PortandTerminal.com, December 9, 2019
Warming ocean temperatures linked to climate change have wreaked havoc on Alaska’s fisheries in recent years, decimating stocks and jeopardizing the livelihoods of fishermen and locals alike who rely on the industry.
ANCHORAGE, AK – Cod, a major driver of Kodiak, Alaska’s winter economy, are now below the federal threshold that protects cod as a food source for endangered Stellar sea lions, and don’t look ready to bounce back any time soon.
As a result, in an unprecedented response to historically low numbers of Pacific cod, the federal cod fishery in the Gulf of Alaska is closing for the 2020 season.

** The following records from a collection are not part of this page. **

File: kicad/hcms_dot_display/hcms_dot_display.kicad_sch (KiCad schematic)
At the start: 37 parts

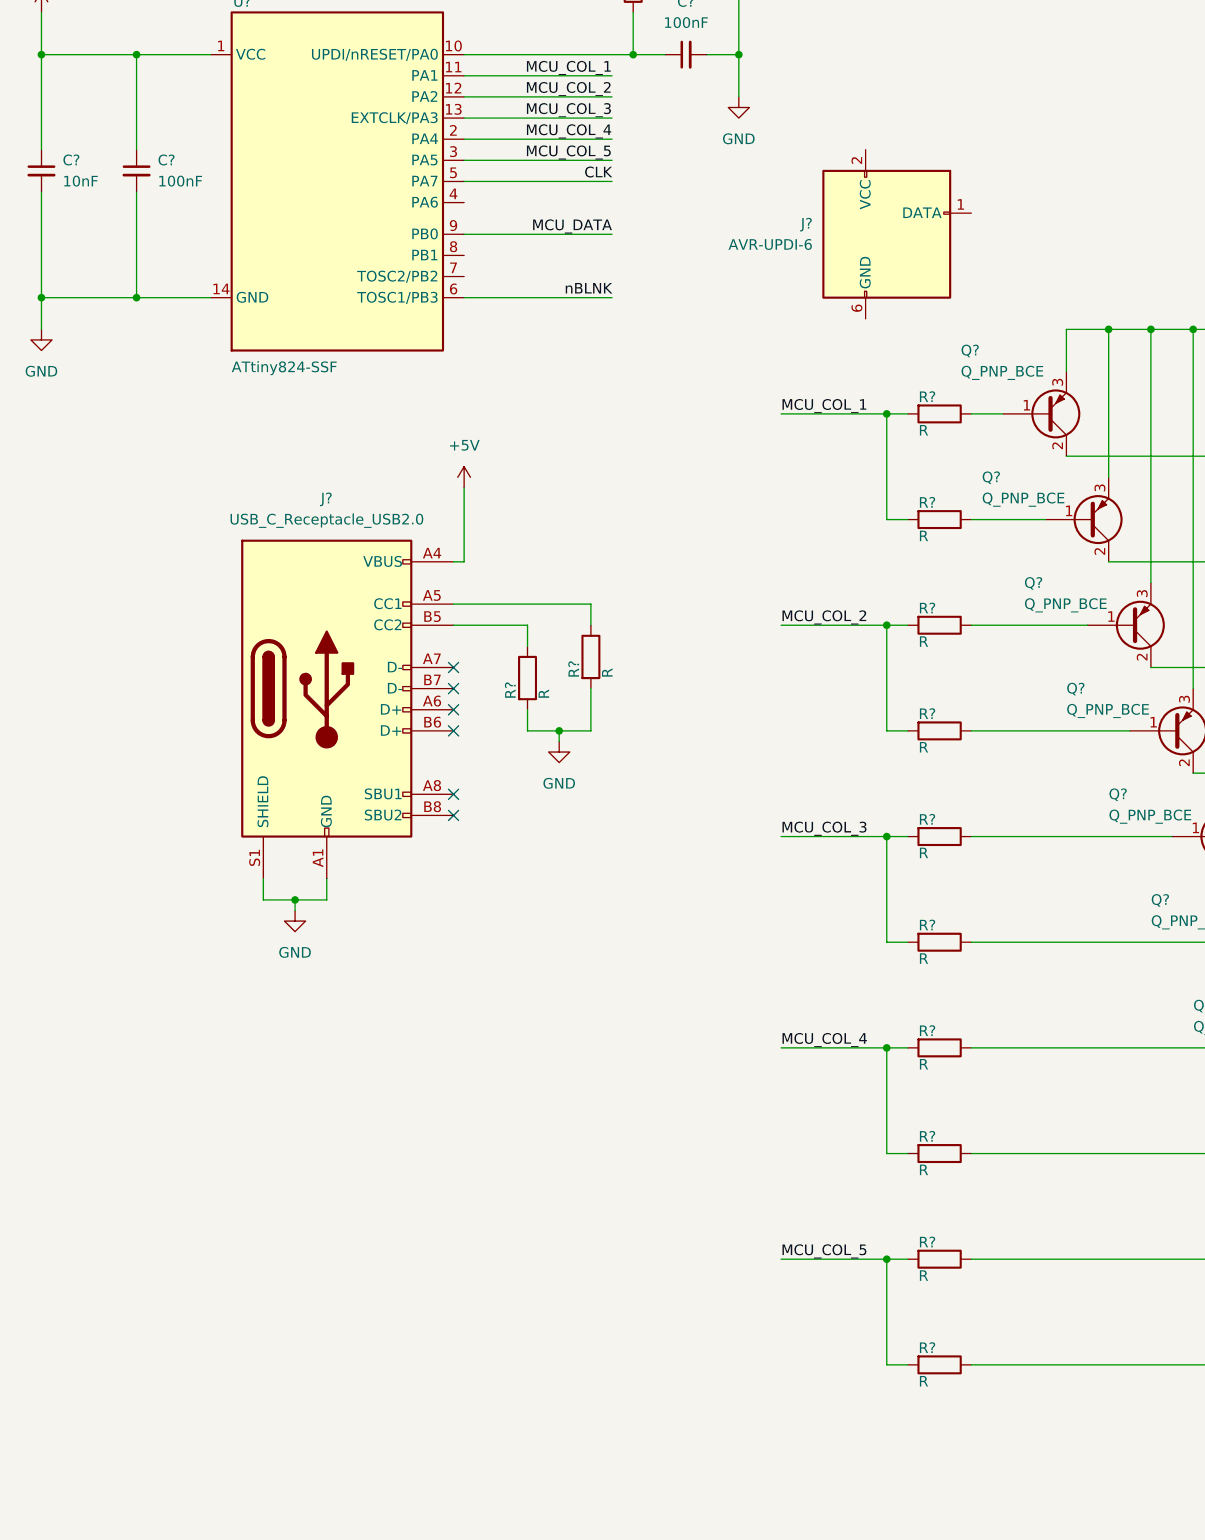
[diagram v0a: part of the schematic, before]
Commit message: battery dying
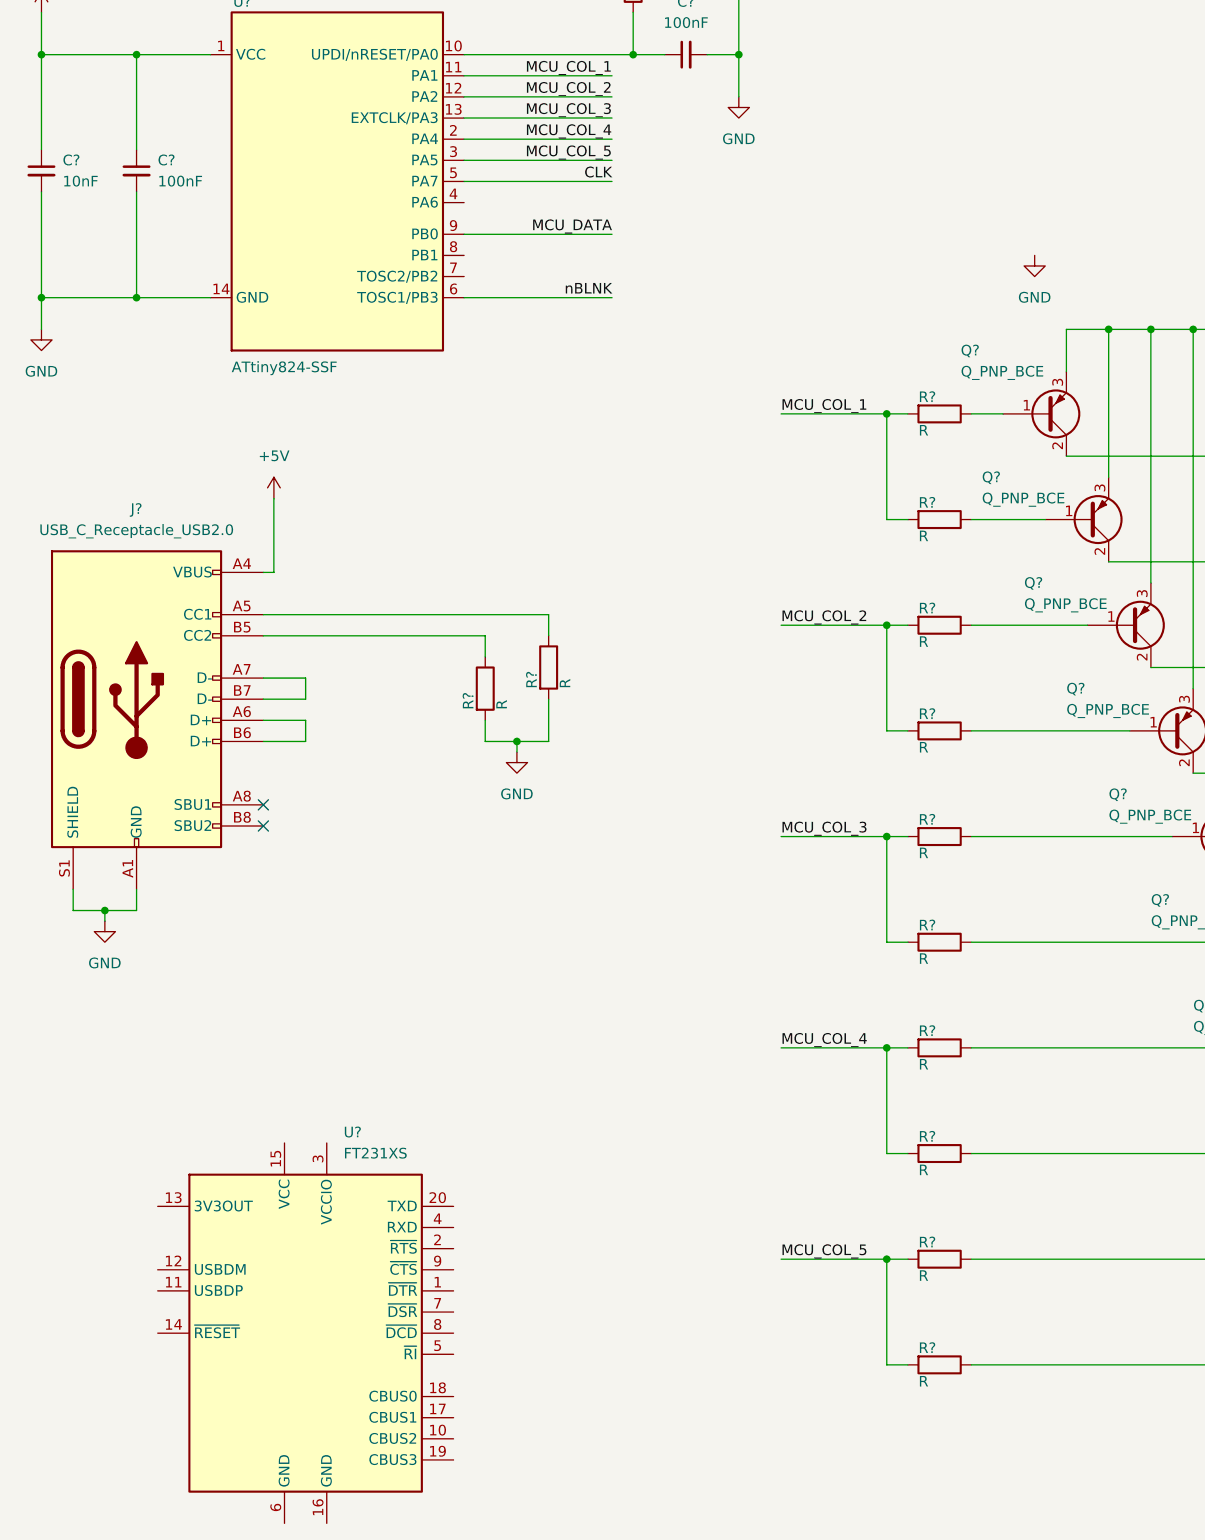
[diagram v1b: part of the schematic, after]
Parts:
- removed J?: AVR-UPDI-6, symbol Connector:AVR-UPDI-6
- added U?: FT231XS, Package_SO:SSOP-20_3.9x8.7mm_P0.635mm, symbol Interface_USB:FT231XS
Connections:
- net at J?.A6 (D+): now also J?.B6 (D+)
- net at J?.A7 (D-): now also J?.B7 (D-)
- no-connect marks 26 -> 22
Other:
- moved on the sheet: J?, R?

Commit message: aidan
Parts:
- removed Q? (x10): Q_PNP_BCE, symbol Device:Q_PNP_BCE
- removed R?: R, symbol Device:R
- added C? (x4): (no value), symbol Device:C_Small
- added C? (x2): 100nF, symbol Device:C_Small
- added J?: Conn_01x13, symbol Connector_Generic:Conn_01x13
- added Q? (x8): Q_PMOS_DSG, symbol Device:Q_PMOS_DSG
- added Q?: (no value), symbol Device:Q_PMOS_DSG
- added R? (x3): R, symbol Device:R
- added RV?: (no value), symbol Device:R_Potentiometer
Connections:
- net +5V: now also U?.15 (VCC), C?.1, C?.1, C?.1, J?.1 (Pin_1), Q?.2 (S), Q?.2 (S), Q?.2 (S), Q?.2 (S), Q?.2 (S), Q?.2 (S), Q?.2 (S), Q?.2 (S), Q?.2 (S), RV?.1
- net A_DATA: now also J?.9 (Pin_9)
- net B_DATA: now also J?.10 (Pin_10)
- net CLK: now also J?.8 (Pin_8)
- net COL_1A: now also Q?.1 (D)
- net COL_1B: now also Q?.1 (D)
- net COL_2A: now also Q?.1 (D)
- net COL_2B: now also Q?.1 (D)
- net COL_3A: now also Q?.1 (D)
- net COL_3B: now also Q?.1 (D)
- net COL_4A: now also Q?.1 (D)
- net COL_5A: now also Q?.1 (D)
- net DAISY_A_DATA: now also J?.11 (Pin_11)
- net DAISY_B_DATA: now also J?.12 (Pin_12)
- net GND: now also U?.16 (GND), U?.6 (GND), C?.2, C?.2, C?.2, C?.2, C?.2, C?.2, J?.13 (Pin_13), RV?.3
- net MCU_COL_1: now also J?.2 (Pin_2)
- net MCU_COL_2: now also J?.3 (Pin_3)
- net MCU_COL_3: now also J?.4 (Pin_4)
- net MCU_COL_4: now also J?.5 (Pin_5)
- net MCU_COL_5: now also J?.6 (Pin_6)
- net nBLNK: now also J?.7 (Pin_7)
- net at R?.1: now also Q?.3 (G) (x9)
- net at U?.11 (USBDP): now also R?.1
- net at U?.12 (USBDM): now also R?.1
- net +3V3: now reaches U?.13 (3V3OUT)
- net +3V3: now also U?.14 (~{RESET}), U?.3 (VCCIO), C?.1
- net at U?.20 (TXD): now also R?.2
- net UPDI: now reaches U?.4 (RXD)
- net UPDI: now also C?.1, R?.1, U?.10 (UPDI/nRESET/PA0), R?.1
- net POT: now reaches U?.4 (PA6)
- net POT: now also RV?.2
- net D+: now reaches J?.A6 (D+), J?.B6 (D+)
- net D+: now also C?.1, R?.2
- net D-: now reaches J?.A7 (D-), J?.B7 (D-)
- net D-: now also C?.1, R?.2
- no-connect marks 22 -> 32

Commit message: Reduce number of FETs, cleaned up schematic added some footprints, and starting routing
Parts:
- removed Q? (x4): Q_PMOS_DSG, symbol Device:Q_PMOS_DSG
- removed R? (x4): R, symbol Device:R
- added SW?: (no value), symbol Switch:SW_SPST
- D1: renamed from D?; value HCMS-272X -> (none)
- J1, J3: renamed from J?; value Conn_01x13 -> (none)
- J2: renamed from J?; value USB_C_Receptacle_USB2.0 -> (none)
- gave numbers to parts that had none: 33
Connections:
- net COL_1B is gone; now on net COL_1: D1.8 (COL_1)
- net COL_2B is gone; now on net COL_2: D1.2 (COL_2)
- net COL_3B is gone; now on net COL_3: D1.10 (COL_3)
- net COL_4B is gone; now on net COL_4: D1.4 (COL_4)
- net COL_5B is gone; now on net COL_5: D1.12 (COL_5)
- net +5V: now also SW?.2 (B); no longer J2.A4 (VBUS), J2.A9 (VBUS), J2.B4 (VBUS), J2.B9 (VBUS)
- net COL_1A renamed COL_1
- net COL_2A renamed COL_2
- net COL_3A renamed COL_3
- net COL_4A renamed COL_4
- net COL_5A renamed COL_5
- new net: J2.A4 (VBUS), J2.A9 (VBUS), J2.B4 (VBUS), J2.B9 (VBUS), SW?.1 (A)
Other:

“I’m a cod fisherman born in Alaska: 1000s of miles of coastline & its all turning in2 one big desert. There are colossal blobs of warm water moving all through the northern pacific, and when those blobs hit up here, the fish aren’t laying eggs anymore. “Reaction on social media to the announcement
From their last peak in 2014, at 113,830 metric tons, the level of mature, spawning cod have lost 60% of their number in the gulf, according to stock assessment data noted by the news service. The fishery had 46,080t in 2017.
We have wiped out almost 70% of everything except us and our domestic livestock in less than a lifetime. There is big trouble just ahead as this plays out.Reaction on social media to the announcement
“We’re on the knife’s edge of this over-fished status,” North Pacific Fishery Management Council member Nicole Kimball said during talks in Anchorage.
It’s not over-fishing to blame for the die-off, but rather, climate change.
Warming ocean temperatures linked to climate change have wreaked havoc on a number of Alaska’s fisheries in recent years, decimating stocks and jeopardizing the livelihoods of fishermen and locals alike who rely on the industry.
A stock assessment this fall put Gulf cod populations at a historic low, with “next to no” new eggs, according to Steven Barbeaux, a research biologist with the National Oceanic and Atmospheric Administration, who authored the report. At their current numbers, cod are below the federal threshold that protects them as a food source for endangered steller sea lions. Once below that line, the total allowable catch goes to zero. In other words, the fishery shuts down.
Up until the emergence of a marine heatwave known as “the blob” in 2014, the stock of cod in the Gulf of Alaska was doing well. But the heat wave caused ocean temperatures to rise 4-5 degrees. Young cod started dying off, scientists said.
“A lot of the impact on the population was due to that first heat wave that we haven’t recovered from,” Barbeaux said during an interview last month. Following the first heat wave, cod numbers crashed by more than half, from 113,830 metric tons in 2014 to 46,080 metric tons in 2017.
“Retrospectively, we probably should have shut the fishery down last year [too],” Barbeaux said.